Self-Supervised Bird's Eye View Motion Prediction with Cross-Modality Signals
Shaoheng Fang, Zuhong Liu, Mingyu Wang, Chenxin Xu, Yiqi Zhong, Siheng Chen
TL;DR
The paper tackles dense BEV motion prediction in autonomous driving under minimal supervision by proposing a cross-modality self-supervised framework that leverages sequential camera images to supervise LiDAR-based BEV motion learning. It introduces three supervision signals: a masked Chamfer distance derived from a pseudo static/dynamic mask, a piecewise rigidity loss obtained via image-space over-segmentation and cross-view projection, and a temporal consistency loss across frames, with an overall loss combining these terms.

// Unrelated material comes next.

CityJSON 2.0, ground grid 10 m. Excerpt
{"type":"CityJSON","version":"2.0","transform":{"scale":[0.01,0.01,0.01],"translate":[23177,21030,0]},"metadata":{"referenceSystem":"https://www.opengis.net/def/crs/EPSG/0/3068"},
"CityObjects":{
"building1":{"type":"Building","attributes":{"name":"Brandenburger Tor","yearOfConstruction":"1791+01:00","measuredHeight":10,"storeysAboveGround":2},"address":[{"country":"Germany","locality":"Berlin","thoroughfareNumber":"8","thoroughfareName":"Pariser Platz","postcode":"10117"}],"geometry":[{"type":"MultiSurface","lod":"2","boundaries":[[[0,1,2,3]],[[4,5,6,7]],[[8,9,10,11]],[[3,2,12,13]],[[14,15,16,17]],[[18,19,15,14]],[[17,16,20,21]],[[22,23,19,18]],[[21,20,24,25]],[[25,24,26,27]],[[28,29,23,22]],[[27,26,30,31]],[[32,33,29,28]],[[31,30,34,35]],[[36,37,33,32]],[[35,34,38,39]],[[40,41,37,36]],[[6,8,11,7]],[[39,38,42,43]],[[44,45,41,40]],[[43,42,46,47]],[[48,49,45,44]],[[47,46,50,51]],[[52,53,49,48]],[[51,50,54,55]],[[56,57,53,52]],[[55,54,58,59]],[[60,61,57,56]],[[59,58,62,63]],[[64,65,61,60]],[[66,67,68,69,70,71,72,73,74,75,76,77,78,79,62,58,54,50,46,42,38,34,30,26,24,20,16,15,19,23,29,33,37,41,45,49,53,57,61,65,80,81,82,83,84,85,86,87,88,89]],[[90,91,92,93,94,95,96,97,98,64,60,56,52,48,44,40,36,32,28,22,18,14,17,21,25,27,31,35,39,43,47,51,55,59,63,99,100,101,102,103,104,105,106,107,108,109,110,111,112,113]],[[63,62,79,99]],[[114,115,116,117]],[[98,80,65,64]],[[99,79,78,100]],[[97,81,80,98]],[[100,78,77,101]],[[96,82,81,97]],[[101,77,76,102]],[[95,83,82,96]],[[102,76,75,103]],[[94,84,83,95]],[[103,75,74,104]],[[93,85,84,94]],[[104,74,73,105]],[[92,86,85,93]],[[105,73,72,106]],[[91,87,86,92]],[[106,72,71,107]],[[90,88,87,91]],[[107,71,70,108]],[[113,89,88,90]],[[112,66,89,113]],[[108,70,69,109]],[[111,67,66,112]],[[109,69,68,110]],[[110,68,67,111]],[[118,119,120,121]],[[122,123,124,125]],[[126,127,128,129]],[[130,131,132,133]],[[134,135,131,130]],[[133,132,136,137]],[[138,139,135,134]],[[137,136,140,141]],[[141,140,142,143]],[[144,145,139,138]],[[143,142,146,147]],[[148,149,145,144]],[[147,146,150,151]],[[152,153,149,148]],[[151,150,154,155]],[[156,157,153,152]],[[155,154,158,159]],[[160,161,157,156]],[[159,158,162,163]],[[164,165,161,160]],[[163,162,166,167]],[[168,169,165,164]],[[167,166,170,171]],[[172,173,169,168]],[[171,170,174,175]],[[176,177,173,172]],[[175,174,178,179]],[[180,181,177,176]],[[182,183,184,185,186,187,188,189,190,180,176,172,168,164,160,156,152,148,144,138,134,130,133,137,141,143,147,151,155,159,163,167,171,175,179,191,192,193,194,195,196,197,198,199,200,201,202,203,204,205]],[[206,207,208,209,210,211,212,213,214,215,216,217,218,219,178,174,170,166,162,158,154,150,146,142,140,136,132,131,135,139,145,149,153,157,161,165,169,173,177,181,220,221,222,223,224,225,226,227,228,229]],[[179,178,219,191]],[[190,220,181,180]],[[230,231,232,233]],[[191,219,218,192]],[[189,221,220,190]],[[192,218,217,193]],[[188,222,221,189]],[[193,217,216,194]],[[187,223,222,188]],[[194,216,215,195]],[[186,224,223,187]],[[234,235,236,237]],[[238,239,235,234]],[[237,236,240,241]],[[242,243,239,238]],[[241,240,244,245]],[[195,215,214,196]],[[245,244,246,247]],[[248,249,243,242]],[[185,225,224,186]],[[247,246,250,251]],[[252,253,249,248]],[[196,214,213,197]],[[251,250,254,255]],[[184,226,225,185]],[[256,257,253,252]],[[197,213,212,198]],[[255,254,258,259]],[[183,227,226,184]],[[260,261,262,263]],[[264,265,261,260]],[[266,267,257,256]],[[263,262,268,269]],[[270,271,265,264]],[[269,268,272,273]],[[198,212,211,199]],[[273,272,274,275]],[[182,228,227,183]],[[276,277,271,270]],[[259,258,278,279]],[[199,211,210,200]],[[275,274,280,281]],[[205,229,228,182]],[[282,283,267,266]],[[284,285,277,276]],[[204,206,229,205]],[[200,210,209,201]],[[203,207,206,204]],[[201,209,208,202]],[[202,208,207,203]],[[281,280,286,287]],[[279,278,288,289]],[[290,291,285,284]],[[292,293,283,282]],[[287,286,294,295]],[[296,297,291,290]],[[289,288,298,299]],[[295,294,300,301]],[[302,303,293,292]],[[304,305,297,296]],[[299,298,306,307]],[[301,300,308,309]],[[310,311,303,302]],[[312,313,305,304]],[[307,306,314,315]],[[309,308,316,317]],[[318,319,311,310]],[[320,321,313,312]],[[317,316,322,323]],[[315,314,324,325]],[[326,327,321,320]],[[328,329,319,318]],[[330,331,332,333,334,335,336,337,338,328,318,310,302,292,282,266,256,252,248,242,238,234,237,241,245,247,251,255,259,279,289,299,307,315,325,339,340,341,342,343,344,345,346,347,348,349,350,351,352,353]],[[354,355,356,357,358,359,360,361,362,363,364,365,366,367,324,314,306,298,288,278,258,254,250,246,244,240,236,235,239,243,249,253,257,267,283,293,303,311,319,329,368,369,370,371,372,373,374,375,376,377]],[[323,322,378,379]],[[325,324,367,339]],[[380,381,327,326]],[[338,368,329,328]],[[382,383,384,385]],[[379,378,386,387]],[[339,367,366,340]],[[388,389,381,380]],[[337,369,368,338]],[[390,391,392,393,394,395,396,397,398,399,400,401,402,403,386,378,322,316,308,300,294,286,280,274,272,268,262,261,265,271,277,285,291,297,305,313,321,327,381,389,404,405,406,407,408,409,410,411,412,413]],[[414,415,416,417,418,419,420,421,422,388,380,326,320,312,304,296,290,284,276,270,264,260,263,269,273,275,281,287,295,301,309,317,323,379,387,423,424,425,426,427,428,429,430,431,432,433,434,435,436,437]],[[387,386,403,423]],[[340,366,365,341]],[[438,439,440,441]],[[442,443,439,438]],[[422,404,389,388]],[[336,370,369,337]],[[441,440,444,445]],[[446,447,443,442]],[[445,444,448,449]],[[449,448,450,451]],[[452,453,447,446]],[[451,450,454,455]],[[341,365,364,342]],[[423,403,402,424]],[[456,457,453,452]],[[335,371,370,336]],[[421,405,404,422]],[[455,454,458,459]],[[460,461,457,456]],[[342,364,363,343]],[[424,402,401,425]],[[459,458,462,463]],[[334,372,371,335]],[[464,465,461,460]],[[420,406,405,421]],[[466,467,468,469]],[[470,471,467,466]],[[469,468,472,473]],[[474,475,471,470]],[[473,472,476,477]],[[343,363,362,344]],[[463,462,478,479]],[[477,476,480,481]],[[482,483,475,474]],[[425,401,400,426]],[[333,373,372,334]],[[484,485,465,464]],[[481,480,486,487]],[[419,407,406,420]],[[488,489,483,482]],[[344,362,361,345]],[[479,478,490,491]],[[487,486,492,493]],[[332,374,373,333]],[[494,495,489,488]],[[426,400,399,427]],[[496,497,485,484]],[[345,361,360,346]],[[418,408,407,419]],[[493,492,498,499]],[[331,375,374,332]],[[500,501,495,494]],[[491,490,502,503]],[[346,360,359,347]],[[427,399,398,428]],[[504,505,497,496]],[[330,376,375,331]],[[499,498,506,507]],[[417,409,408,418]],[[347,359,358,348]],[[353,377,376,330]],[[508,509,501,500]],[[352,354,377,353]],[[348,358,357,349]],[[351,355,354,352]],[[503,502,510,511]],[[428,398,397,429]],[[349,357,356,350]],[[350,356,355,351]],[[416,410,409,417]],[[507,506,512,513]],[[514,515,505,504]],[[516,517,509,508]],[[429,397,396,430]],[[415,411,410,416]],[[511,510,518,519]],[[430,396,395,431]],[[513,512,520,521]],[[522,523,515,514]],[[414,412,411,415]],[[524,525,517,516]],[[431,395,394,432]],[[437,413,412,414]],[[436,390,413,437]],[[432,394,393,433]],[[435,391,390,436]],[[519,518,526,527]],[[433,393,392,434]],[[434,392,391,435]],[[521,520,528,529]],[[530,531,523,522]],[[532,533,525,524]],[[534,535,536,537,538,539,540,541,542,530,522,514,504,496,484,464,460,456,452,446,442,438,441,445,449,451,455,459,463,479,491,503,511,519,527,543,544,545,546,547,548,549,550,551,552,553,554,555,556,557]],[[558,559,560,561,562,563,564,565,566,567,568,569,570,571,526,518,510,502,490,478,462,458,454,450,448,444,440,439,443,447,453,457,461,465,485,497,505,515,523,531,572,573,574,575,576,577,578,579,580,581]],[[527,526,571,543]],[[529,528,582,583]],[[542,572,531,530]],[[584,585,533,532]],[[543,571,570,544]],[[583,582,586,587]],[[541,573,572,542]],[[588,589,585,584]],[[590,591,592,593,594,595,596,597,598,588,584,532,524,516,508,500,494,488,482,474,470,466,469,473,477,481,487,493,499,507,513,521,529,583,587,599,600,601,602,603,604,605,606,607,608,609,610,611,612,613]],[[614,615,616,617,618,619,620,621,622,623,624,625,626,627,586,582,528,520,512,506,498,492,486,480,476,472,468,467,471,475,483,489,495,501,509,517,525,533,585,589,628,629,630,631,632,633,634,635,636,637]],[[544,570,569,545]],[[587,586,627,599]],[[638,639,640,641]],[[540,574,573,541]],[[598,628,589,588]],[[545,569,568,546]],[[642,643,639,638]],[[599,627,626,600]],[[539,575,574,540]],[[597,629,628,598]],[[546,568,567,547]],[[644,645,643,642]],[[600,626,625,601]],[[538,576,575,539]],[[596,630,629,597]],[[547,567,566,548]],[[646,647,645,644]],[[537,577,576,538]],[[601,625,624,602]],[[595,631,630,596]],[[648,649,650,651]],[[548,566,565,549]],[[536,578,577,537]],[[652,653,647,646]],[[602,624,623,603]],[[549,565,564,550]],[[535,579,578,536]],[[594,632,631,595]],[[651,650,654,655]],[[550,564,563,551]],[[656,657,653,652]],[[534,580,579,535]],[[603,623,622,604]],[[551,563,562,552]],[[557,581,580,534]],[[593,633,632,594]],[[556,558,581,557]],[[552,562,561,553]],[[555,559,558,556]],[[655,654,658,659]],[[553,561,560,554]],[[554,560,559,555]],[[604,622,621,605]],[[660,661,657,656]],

The approach achieves state-of-the-art performance among self-supervised methods on NuScenes, with substantial gains over prior self-supervision and competitive results against weakly and fully supervised baselines, and it generalizes to Argoverse2. Inference remains efficient, as only point-cloud sequences are required at test time, making the method practical for real-world deployment and data-efficient learning from unlabeled data.
Abstract
Learning the dense bird's eye view (BEV) motion flow in a self-supervised manner is an emerging research for robotics and autonomous driving. Current self-supervised methods mainly rely on point correspondences between point clouds, which may introduce the problems of fake flow and inconsistency, hindering the model's ability to learn accurate and realistic motion. In this paper, we introduce a novel cross-modality self-supervised training framework that effectively addresses these issues by leveraging multi-modality data to obtain supervision signals. We design three innovative supervision signals to preserve the inherent properties of scene motion, including the masked Chamfer distance loss, the piecewise rigidity loss, and the temporal consistency loss. Through extensive experiments, we demonstrate that our proposed self-supervised framework outperforms all previous self-supervision methods for the motion prediction task.